The sale consists of 12 projects at the pre-construction stage located across Great Britain with a combined capacity of 519MW which. The portfolio also includes a co-located battery storage of 70MW.
The firm’s corporate division, led by managing director Gordon McElroy with support from Jose Lazaro and Lynsey Henderson, provided specific support around grid connection agreements in England and Wales, as well as various corporate aspects.
Elgin Energy, one of MKB Law’s long-standing clients, is a leading international and independent solar development group with a 98 per cent success rate through planning across all its markets. Scottish Power Renewables is a subsidiary of the Iberdrola Group, a global electric utility company headquartered in Bilbao, Spain.
Mr McElroy said: “This deal demonstrates the ongoing commitment of both companies in ensuring solar PV and storage play a key role in the UK’s future generation mix. MKB Law is particularly pleased, not least for the opportunity to offer our services to support the burgeoning renewable energy sector, but with the UK committed to hitting a net-zero target, this deal marks a significant step forward in decarbonising the power sector.”
Dillon Eustace LLP advises Blantyre Capital on partnership with Piraeus Bank
Dillon Eustace LLP has acted as legal advisers to Blantyre Capital Limited, a London-based investment management firm, on its long-term partnership with Piraeus Bank for the management of equity participations owned by the bank.
Piraeus Bank, a 100 per cent subsidiary of Piraeus Financial Holdings, is the leading bank in Greece in terms of total market shares and branch network, with around 5.5 million customers.
The portfolio under management, with an initial perimeter of €0.2 billion, comprises certain equity interests that are unrelated to the financial sector in general and specifically to the bank’s principal activity.

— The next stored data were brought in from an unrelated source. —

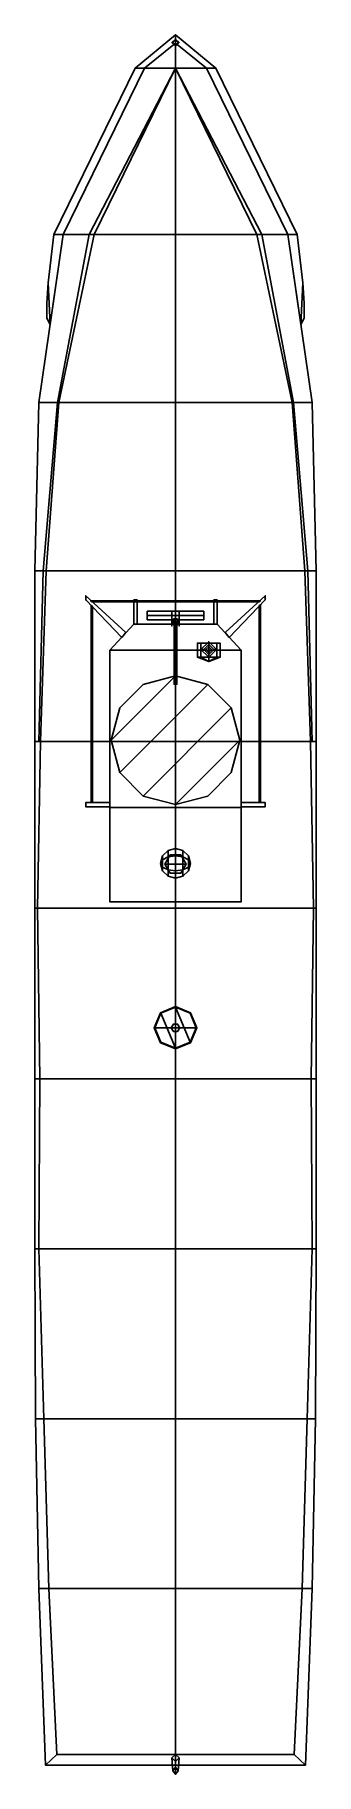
# Model space of a CAD drawing. Extents: x -2 to 2, y -12.3 to 12.2.
import ezdxf

# ---------------------------------------------------------------- set-up
doc = ezdxf.new("R2010")
doc.units = 0
doc.layers.get('0').update_dxf_attribs({"linetype": 'CONTINUOUS'})
doc.layers.add('HULL_ADDONS', color=6, linetype='CONTINUOUS')

msp = doc.modelspace()

# ---------------------------------------------------------------- linework, layer by layer
for points in [[(2.1e-15, 12.09, 1.08), (2e-15, 11.73999999999999, -0.120000000000001), (2e-15, 11.73999999999999, -0.120000000000001), (-0.4399999999999994, 11.73999999999999, 1.08)], [(2.1e-15, 12.09, 1.08), (2.1e-15, 12.09, 1.08), (-0.4399999999999994, 11.73999999999999, 1.08), (0.4400000000000033, 11.73999999999999, 1.08)], [(2.1e-15, 12.15, 1.279999999999999), (-0.0499999999999979, 12.1, 1.25), (-0.0399999999999979, 12.1, 3.289999999999999), (2.1e-15, 12.14, 3.289999999999999)], [(-0.0499999999999979, 12.1, 1.25), (2.1e-15, 12.05, 1.08), (2.1e-15, 12.06, 3.289999999999999), (-0.0399999999999979, 12.1, 3.289999999999999)], [(0.0400000000000021, 12.1, 3.289999999999999), (2.1e-15, 12.14, 3.289999999999999), (-0.0399999999999979, 12.1, 3.289999999999999), (2.1e-15, 12.06, 3.289999999999999)], [(0.0500000000000021, 12.1, 1.25), (2.1e-15, 12.15, 1.279999999999999), (2.1e-15, 12.14, 3.289999999999999), (0.0400000000000021, 12.1, 3.289999999999999)], [(2.1e-15, 12.05, 1.08), (0.0500000000000021, 12.1, 1.25), (0.0400000000000021, 12.1, 3.289999999999999), (2.1e-15, 12.06, 3.289999999999999)], [(0.4400000000000033, 11.73999999999999, 1.08), (2e-15, 11.73999999999999, -0.120000000000001), (2e-15, 11.73999999999999, -0.120000000000001), (2.1e-15, 12.09, 1.08)], [(-0.4399999999999994, 11.73999999999999, 1.08), (2e-15, 11.73999999999999, -0.120000000000001), (-1.219999999999997, 9.39000000000001, 0.0399999999999992), (-1.590000000000001, 9.39000000000001, 1.08)], [(0.4400000000000033, 11.73999999999999, 1.08), (-0.4399999999999994, 11.73999999999999, 1.08), (-1.590000000000001, 9.39000000000001, 1.08), (1.590000000000005, 9.390000000000002, 1.08)], [(2e-15, 11.73999999999999, -0.120000000000001), (2e-15, 11.73999999999999, -0.120000000000001), (-1.150000000000003, 9.39000000000001, -0.0300000000000011), (-1.219999999999997, 9.39000000000001, 0.0399999999999992)], [(2e-15, 11.73999999999999, -0.120000000000001), (2e-15, 11.73999999999999, -0.120000000000001), (1.8e-15, 9.39000000000001, -1.04), (-1.150000000000003, 9.39000000000001, -0.0300000000000011)], [(1.590000000000006, 9.390000000000002, 1.08), (1.220000000000001, 9.390000000000002, 0.0399999999999992), (2e-15, 11.73999999999999, -0.120000000000001), (0.4400000000000033, 11.73999999999999, 1.08)], [(1.150000000000008, 9.390000000000002, -0.0300000000000011), (1.8e-15, 9.39000000000001, -1.04), (2e-15, 11.73999999999999, -0.120000000000001), (2.3e-15, 11.73999999999999, -0.120000000000001)], [(1.220000000000001, 9.390000000000002, 0.0399999999999992), (1.150000000000008, 9.390000000000002, -0.0300000000000011), (2.3e-15, 11.73999999999999, -0.120000000000001), (2e-15, 11.73999999999999, -0.120000000000001)], [(-1.590000000000001, 9.39000000000001, 1.08), (-1.219999999999997, 9.39000000000001, 0.0399999999999992), (-1.67, 7.020000000000001, -0.1100000000000012), (-1.929999999999998, 7.020000000000001, 1.08)], [(1.590000000000006, 9.390000000000002, 1.08), (-1.590000000000001, 9.39000000000001, 1.08), (-1.929999999999998, 7.020000000000001, 1.08), (1.930000000000001, 7.019999999999994, 1.08)], [(-1.219999999999997, 9.39000000000001, 0.0399999999999992), (-1.150000000000003, 9.39000000000001, -0.0300000000000011), (-1.650000000000004, 7.020000000000001, -0.2100000000000008), (-1.67, 7.020000000000001, -0.1100000000000012)], [(-1.150000000000003, 9.39000000000001, -0.0300000000000011), (2.6e-15, 9.39000000000001, -1.04), (1.9e-15, 7.019999999999994, -1.08), (-1.650000000000004, 7.020000000000001, -0.2100000000000008)], [(1.650000000000007, 7.019999999999994, -0.2100000000000008), (1.9e-15, 7.019999999999994, -1.08), (2.6e-15, 9.39000000000001, -1.04), (1.150000000000008, 9.390000000000002, -0.0300000000000011)], [(1.670000000000003, 7.019999999999994, -0.1100000000000012), (1.650000000000007, 7.019999999999994, -0.2100000000000008), (1.150000000000008, 9.390000000000002, -0.0300000000000011), (1.220000000000001, 9.390000000000002, 0.0399999999999992)], [(1.930000000000001, 7.019999999999994, 1.08), (1.670000000000003, 7.019999999999994, -0.1100000000000012), (1.220000000000001, 9.390000000000002, 0.0399999999999992), (1.590000000000006, 9.390000000000002, 1.08)], [(-1.929999999999998, 7.020000000000001, 1.08), (-1.67, 7.020000000000001, -0.1100000000000012), (-1.870000000000003, 4.640000000000002, -0.1100000000000012), (-1.99, 4.640000000000002, 1.08)], [(-1.99, 4.640000000000002, 1.08), (1.990000000000001, 4.639999999999995, 1.08), (1.930000000000001, 7.019999999999994, 1.08), (-1.929999999999998, 7.020000000000001, 1.08)], [(-1.67, 7.020000000000001, -0.1100000000000012), (-1.650000000000004, 7.020000000000001, -0.2100000000000008), (-1.829999999999996, 4.640000000000002, -0.4300000000000016), (-1.870000000000003, 4.640000000000002, -0.1100000000000012)], [(-1.650000000000004, 7.020000000000001, -0.2100000000000008), (1.5e-15, 7.020000000000001, -1.08), (1.2e-15, 4.640000000000002, -1.099999999999999), (-1.829999999999996, 4.640000000000002, -0.4300000000000016)], [(1.829999999999998, 4.639999999999995, -0.4300000000000016), (1.2e-15, 4.640000000000002, -1.099999999999999), (1.5e-15, 7.020000000000001, -1.08), (1.650000000000007, 7.019999999999994, -0.2100000000000008)], [(1.870000000000004, 4.639999999999995, -0.1100000000000012), (1.829999999999998, 4.639999999999995, -0.4300000000000016), (1.650000000000007, 7.019999999999994, -0.2100000000000008), (1.670000000000003, 7.019999999999994, -0.1100000000000012)], [(1.990000000000001, 4.639999999999995, 1.08), (1.870000000000004, 4.639999999999995, -0.1100000000000012), (1.670000000000003, 7.019999999999994, -0.1100000000000012), (1.930000000000001, 7.019999999999994, 1.08)], [(-1.99, 4.640000000000002, 1.08), (-1.870000000000003, 4.640000000000002, -0.1100000000000012), (-1.93265060240964, 2.230000000000002, -0.1100000000000012), (-1.990000000000001, 2.230000000000002, 1.08)], [(1.990000000000001, 4.639999999999995, 1.08), (-1.99, 4.640000000000002, 1.08), (-1.990000000000001, 2.230000000000002, 1.08), (1.990000000000001, 2.229999999999995, 1.079999999999998)], [(-1.870000000000003, 4.640000000000002, -0.1100000000000012), (-1.829999999999996, 4.640000000000002, -0.4300000000000016), (-1.910000000000002, 2.230000000000002, -0.5800000000000002), (-1.93265060240964, 2.230000000000002, -0.1100000000000012)], [(-1.829999999999996, 4.640000000000002, -0.4300000000000016), (5e-16, 4.640000000000002, -1.099999999999999), (-5e-16, 2.229999999999995, -1.099999999999999), (-1.910000000000002, 2.230000000000002, -0.5800000000000002)], [(1.910000000000003, 2.229999999999995, -0.5800000000000002), (-5e-16, 2.229999999999995, -1.099999999999999), (5e-16, 4.640000000000002, -1.099999999999999), (1.829999999999998, 4.639999999999995, -0.4300000000000016)], [(1.932650602409641, 2.229999999999995, -0.1100000000000012), (1.910000000000003, 2.229999999999995, -0.5800000000000002), (1.829999999999998, 4.639999999999995, -0.4300000000000016), (1.870000000000004, 4.639999999999995, -0.1100000000000012)], [(1.990000000000001, 2.229999999999995, 1.08), (1.932650602409641, 2.229999999999995, -0.1100000000000012), (1.870000000000004, 4.639999999999995, -0.1100000000000012), (1.990000000000001, 4.639999999999995, 1.08)], [(-0.6999999999999992, 3.770000000000001, 2.959999999999999), (-0.6999999999999992, 3.770000000000001, 2.9), (-1.269999999999998, 4.29, 3.08), (-1.269999999999998, 4.29, 3.139999999999998)], [(-1.269999999999998, 4.229999999999998, 3.08), (-1.269999999999998, 4.29, 3.08), (-0.6999999999999992, 3.770000000000001, 2.9), (-0.759999999999999, 3.700000000000001, 2.9)], [(-1.269999999999998, 4.29, 3.139999999999998), (-1.269999999999998, 4.29, 3.08), (-1.269999999999998, 4.229999999999998, 3.08), (-1.269999999999998, 4.229999999999998, 3.139999999999998)], [(-0.759999999999999, 3.700000000000001, 2.959999999999999), (-0.6999999999999992, 3.770000000000001, 2.959999999999999), (-1.269999999999998, 4.29, 3.139999999999998), (-1.269999999999998, 4.229999999999998, 3.139999999999998)], [(-1.269999999999998, 4.229999999999998, 3.139999999999998), (-1.269999999999998, 4.229999999999998, 3.08), (-0.759999999999999, 3.700000000000001, 2.9), (-0.759999999999999, 3.700000000000001, 2.959999999999999)], [(-1.199999999999998, 4.220000000000004, 3.089999999999999), (-1.179999999999998, 4.205000000000003, 3.098660254037843), (1.180000000000001, 4.205000000000003, 3.098660254037843), (1.200000000000001, 4.220000000000004, 3.089999999999999)], [(-1.179999999999998, 4.205000000000003, 3.081339745962155), (-1.199999999999998, 4.220000000000004, 3.089999999999999), (1.200000000000001, 4.220000000000004, 3.089999999999999), (1.180000000000001, 4.205000000000003, 3.081339745962155)], [(-1.179999999999998, 4.205000000000003, 3.098660254037843), (-1.179999999999998, 4.205000000000003, 3.081339745962155), (1.180000000000001, 4.205000000000003, 3.081339745962155), (1.180000000000001, 4.205000000000003, 3.098660254037843)], [(-0.5899999999999987, 3.890000000000002, 2.959999999999999), (-0.5399999999999988, 3.890000000000002, 2.959999999999999), (-0.5399999999999988, 4.230000000000002, 3.139999999999998), (-0.5899999999999987, 4.230000000000002, 3.139999999999998)], [(-0.5899999999999987, 4.230000000000002, 3.08), (-0.5399999999999988, 4.230000000000002, 3.08), (-0.5399999999999988, 3.890000000000002, 2.9), (-0.5899999999999987, 3.890000000000002, 2.9)], [(-0.5899999999999987, 4.230000000000002, 3.139999999999998), (-0.5899999999999987, 4.230000000000002, 3.08), (-0.5899999999999987, 3.890000000000002, 2.9), (-0.5899999999999987, 3.890000000000002, 2.959999999999999)], [(-0.5399999999999988, 4.230000000000002, 3.139999999999998), (-0.5399999999999988, 4.230000000000002, 3.08), (-0.5899999999999987, 4.230000000000002, 3.08), (-0.5899999999999987, 4.230000000000002, 3.139999999999998)], [(-0.5399999999999988, 3.890000000000002, 2.959999999999999), (-0.5399999999999988, 3.890000000000002, 2.9), (-0.5399999999999988, 4.230000000000002, 3.08), (-0.5399999999999988, 4.230000000000002, 3.139999999999998)], [(0.5400000000000011, 3.890000000000002, 2.959999999999999), (0.5900000000000011, 3.890000000000002, 2.959999999999999), (0.5900000000000011, 4.230000000000002, 3.139999999999998), (0.5400000000000011, 4.230000000000002, 3.139999999999998)], [(0.5400000000000011, 4.230000000000002, 3.139999999999998), (0.5400000000000011, 4.230000000000002, 3.08), (0.5400000000000011, 3.890000000000002, 2.9), (0.5400000000000011, 3.890000000000002, 2.959999999999999)], [(0.5400000000000011, 4.230000000000002, 3.08), (0.5900000000000011, 4.230000000000002, 3.08), (0.5900000000000011, 3.890000000000002, 2.9), (0.5400000000000011, 3.890000000000002, 2.9)], [(0.5900000000000011, 4.230000000000002, 3.139999999999998), (0.5900000000000011, 4.230000000000002, 3.08), (0.5400000000000011, 4.230000000000002, 3.08), (0.5400000000000011, 4.230000000000002, 3.139999999999998)], [(0.5900000000000011, 3.890000000000002, 2.959999999999999), (0.5900000000000011, 3.890000000000002, 2.9), (0.5900000000000011, 4.230000000000002, 3.08), (0.5900000000000011, 4.230000000000002, 3.139999999999998)], [(1.270000000000001, 4.29, 3.08), (1.270000000000001, 4.230000000000002, 3.08), (0.7600000000000011, 3.700000000000001, 2.9), (0.7000000000000011, 3.770000000000001, 2.9)], [(1.270000000000001, 4.29, 3.139999999999998), (1.270000000000001, 4.29, 3.08), (0.7000000000000011, 3.770000000000001, 2.9), (0.7000000000000011, 3.770000000000001, 2.959999999999999)], [(0.7000000000000011, 3.770000000000001, 2.959999999999999), (0.7600000000000011, 3.700000000000001, 2.959999999999999), (1.270000000000001, 4.230000000000002, 3.139999999999998), (1.270000000000001, 4.29, 3.139999999999998)], [(0.7600000000000011, 3.700000000000001, 2.959999999999999), (0.7600000000000011, 3.700000000000001, 2.9), (1.270000000000001, 4.230000000000002, 3.08), (1.270000000000001, 4.230000000000002, 3.139999999999998)], [(1.270000000000001, 4.230000000000002, 3.139999999999998), (1.270000000000001, 4.230000000000002, 3.08), (1.270000000000001, 4.29, 3.08), (1.270000000000001, 4.29, 3.139999999999998)], [(-1.19, 1.370000000000001, 3.089999999999999), (-1.174999999999999, 1.370000000000001, 3.098660254037843), (-1.174999999999999, 4.140000000000002, 3.098660254037843), (-1.19, 4.150000000000003, 3.089999999999999)], [(-1.174999999999999, 1.370000000000001, 3.081339745962155), (-1.19, 1.370000000000001, 3.089999999999999), (-1.19, 4.150000000000003, 3.089999999999999), (-1.174999999999999, 4.140000000000002, 3.081339745962155)], [(-1.174999999999999, 1.370000000000001, 3.098660254037843), (-1.174999999999999, 1.370000000000001, 3.081339745962155), (-1.174999999999999, 4.140000000000002, 3.081339745962155), (-1.174999999999999, 4.140000000000002, 3.098660254037843)], [(-0.3999999999999989, 4.069999999999998, 5.839999999999998), (-0.399999999999999, 4.009999999999999, 5.899999999999996), (0.4000000000000011, 4.009999999999999, 5.899999999999996), (0.4000000000000012, 4.069999999999998, 5.839999999999998)], [(-0.399999999999999, 4.009999999999999, 5.779999999999999), (-0.3999999999999989, 4.069999999999998, 5.839999999999998), (0.4000000000000012, 4.069999999999998, 5.839999999999998), (0.4000000000000011, 4.009999999999999, 5.779999999999999)], [(-0.399999999999999, 4.009999999999999, 5.779999999999999), (-0.399999999999999, 3.950000000000001, 5.839999999999998), (-0.399999999999999, 4.009999999999999, 5.899999999999996), (-0.3999999999999989, 4.069999999999998, 5.839999999999998)], [(-0.399999999999999, 4.009999999999999, 5.899999999999996), (-0.399999999999999, 3.950000000000001, 5.839999999999998), (0.4000000000000011, 3.950000000000001, 5.839999999999998), (0.4000000000000011, 4.009999999999999, 5.899999999999996)], [(-0.399999999999999, 3.950000000000001, 5.839999999999998), (-0.399999999999999, 4.009999999999999, 5.779999999999999), (0.4000000000000011, 4.009999999999999, 5.779999999999999), (0.4000000000000011, 3.950000000000001, 5.839999999999998)], [(-0.0499999999999991, 3.860000000000001, 3.229999999999998), (-0.0499999999999991, 4.009999999999999, 3.229999999999998), (-0.0499999999999991, 4.06, 2.959999999999999), (-0.0499999999999991, 3.860000000000001, 2.959999999999999)], [(-0.0499999999999991, 3.860000000000001, 2.959999999999999), (-0.0499999999999991, 4.06, 2.959999999999999), (-0.0499999999999991, 4.009999999999999, 3.229999999999998), (-0.0499999999999991, 3.860000000000001, 3.229999999999998)], [(-0.0499999999999991, 3.92, 3.289999999999999), (-0.0499999999999991, 3.97, 3.289999999999999), (-0.0499999999999991, 4.009999999999999, 3.229999999999998), (-0.0499999999999991, 3.860000000000001, 3.229999999999998)], [(-0.0499999999999991, 3.860000000000001, 3.229999999999998), (-0.0499999999999991, 4.009999999999999, 3.229999999999998), (-0.0499999999999991, 3.97, 3.289999999999999), (-0.0499999999999991, 3.92, 3.289999999999999)], [(-0.0249999999999989, 3.963301270189221, 3.049999999999998), (-0.0499999999999989, 3.92, 3.049999999999998), (-0.0399999999999989, 3.92, 6.929999999999997), (-0.0199999999999989, 3.954641016151376, 6.929999999999997)], [(-0.0399999999999989, 3.92, 6.929999999999997), (-0.0199999999999989, 3.885358983848624, 6.929999999999997), (0.0200000000000011, 3.885358983848624, 6.929999999999997), (-0.0199999999999989, 3.954641016151376, 6.929999999999997)], [(0.0250000000000011, 3.963301270189221, 3.049999999999998), (-0.0249999999999989, 3.963301270189221, 3.049999999999998), (-0.0199999999999989, 3.954641016151376, 6.929999999999997), (0.0200000000000011, 3.954641016151376, 6.929999999999997)], [(-0.0199999999999989, 3.954641016151376, 6.929999999999997), (0.0200000000000011, 3.885358983848624, 6.929999999999997), (0.0400000000000011, 3.92, 6.929999999999997), (0.0200000000000011, 3.954641016151376, 6.929999999999997)], [(0.0500000000000011, 3.92, 3.049999999999998), (0.0250000000000011, 3.963301270189221, 3.049999999999998), (0.0200000000000011, 3.954641016151376, 6.929999999999997), (0.0400000000000011, 3.92, 6.929999999999997)], [(0.050000000000001, 3.860000000000001, 2.959999999999999), (0.050000000000001, 4.06, 2.959999999999999), (0.050000000000001, 4.009999999999999, 3.229999999999998), (0.050000000000001, 3.860000000000001, 3.229999999999998)], [(0.050000000000001, 3.860000000000001, 3.229999999999998), (0.050000000000001, 4.009999999999999, 3.229999999999998), (0.050000000000001, 4.06, 2.959999999999999), (0.050000000000001, 3.860000000000001, 2.959999999999999)], [(0.050000000000001, 3.92, 3.289999999999999), (0.050000000000001, 3.97, 3.289999999999999), (0.050000000000001, 4.009999999999999, 3.229999999999998), (0.050000000000001, 3.860000000000001, 3.229999999999998)], [(0.050000000000001, 3.860000000000001, 3.229999999999998), (0.050000000000001, 4.009999999999999, 3.229999999999998), (0.050000000000001, 3.97, 3.289999999999999), (0.050000000000001, 3.92, 3.289999999999999)], [(0.4000000000000012, 4.069999999999998, 5.839999999999998), (0.4000000000000011, 4.009999999999999, 5.899999999999996), (0.4000000000000011, 3.950000000000001, 5.839999999999998), (0.4000000000000011, 4.009999999999999, 5.779999999999999)], [(1.200000000000002, 4.160000000000001, 3.089999999999999), (1.185000000000001, 4.15, 3.098660254037843), (1.185000000000001, 1.370000000000001, 3.098660254037843), (1.200000000000001, 1.370000000000001, 3.089999999999999)], [(1.185000000000001, 4.15, 3.081339745962155), (1.200000000000002, 4.160000000000001, 3.089999999999999), (1.200000000000001, 1.370000000000001, 3.089999999999999), (1.185000000000001, 1.370000000000001, 3.081339745962155)], [(1.185000000000001, 4.15, 3.098660254037843), (1.185000000000001, 4.15, 3.081339745962155), (1.185000000000001, 1.370000000000001, 3.081339745962155), (1.185000000000001, 1.370000000000001, 3.098660254037843)], [(-0.5899999999999989, 3.890000000000002, 2.959999999999999), (-0.5899999999999989, 3.890000000000002, 1.08), (-0.929999999999999, 3.520000000000001, 1.08), (-0.929999999999999, 3.520000000000001, 2.959999999999999)], [(0.930000000000001, 3.520000000000001, 2.959999999999999), (0.5900000000000011, 3.890000000000002, 2.959999999999999), (-0.5899999999999989, 3.890000000000002, 2.959999999999999), (-0.929999999999999, 3.520000000000001, 2.959999999999999)], [(0.5900000000000011, 3.890000000000002, 2.959999999999999), (0.5900000000000011, 3.890000000000002, 1.08), (-0.5899999999999989, 3.890000000000002, 1.08), (-0.5899999999999989, 3.890000000000002, 2.959999999999999)], [(-0.0499999999999989, 3.92, 3.049999999999998), (-0.0249999999999989, 3.876698729810778, 3.049999999999998), (-0.0199999999999989, 3.885358983848624, 6.929999999999997), (-0.0399999999999989, 3.92, 6.929999999999997)], [(-0.0249999999999989, 3.876698729810778, 3.049999999999998), (0.0250000000000011, 3.876698729810778, 3.049999999999998), (0.0200000000000011, 3.885358983848624, 6.929999999999997), (-0.0199999999999989, 3.885358983848624, 6.929999999999997)], [(-0.019999999999999, 3.040000000000001, 6.119999999999999), (1e-15, 3.040000000000001, 6.15), (1.1e-15, 3.92, 5.839999999999998), (-0.0199999999999989, 3.92, 5.819999999999998)], [(1e-15, 3.040000000000001, 6.08), (-0.019999999999999, 3.040000000000001, 6.119999999999999), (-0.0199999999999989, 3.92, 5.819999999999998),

The transaction will allow Piraeus Bank to optimize the value of its non-core equity participations by bringing such participations under specialized outsourced professional asset management overseen by affiliates of Blantyre Capital.
The Dillon Eustace team was led by Adrian Benson, partner and head of corporate, and Donnacha O’Connor, managing partner and head of asset management and investment funds.
Matheson advises Glanbia Co-operative Society on acquisition of Glanbia plc’s interest in Glanbia Ireland
Matheson has advised Glanbia Co-operative Society on the funding arrangements for its recently announced acquisition of Glanbia plc’s 40 per cent interest in Glanbia Ireland.
The funding arrangements (raising approximately €310m) comprise a share placing by Glanbia Co-op of approximately two per cent of Glanbia plc’s issued share capital together with the issue of a €250 million equity-linked exchangeable bond.
A cross-departmental Matheson team advised on this financing transaction as well as the previously announced acquisition. The corporate team was led by partner David Fitzgibbon and senior associate Enda Garvey, and the finance and capital markets team was led by partners Donal O’Donovan and Richard Kelly.
Mr Fitzgibbon said: “We are delighted to have worked with Glanbia Co-op and its management team on the combined equity and debt fundraising, another key aspect of a transformational transaction for Glanbia Co-op. The fundraising demonstrates the continued attractiveness of Irish businesses to domestic and international investors.”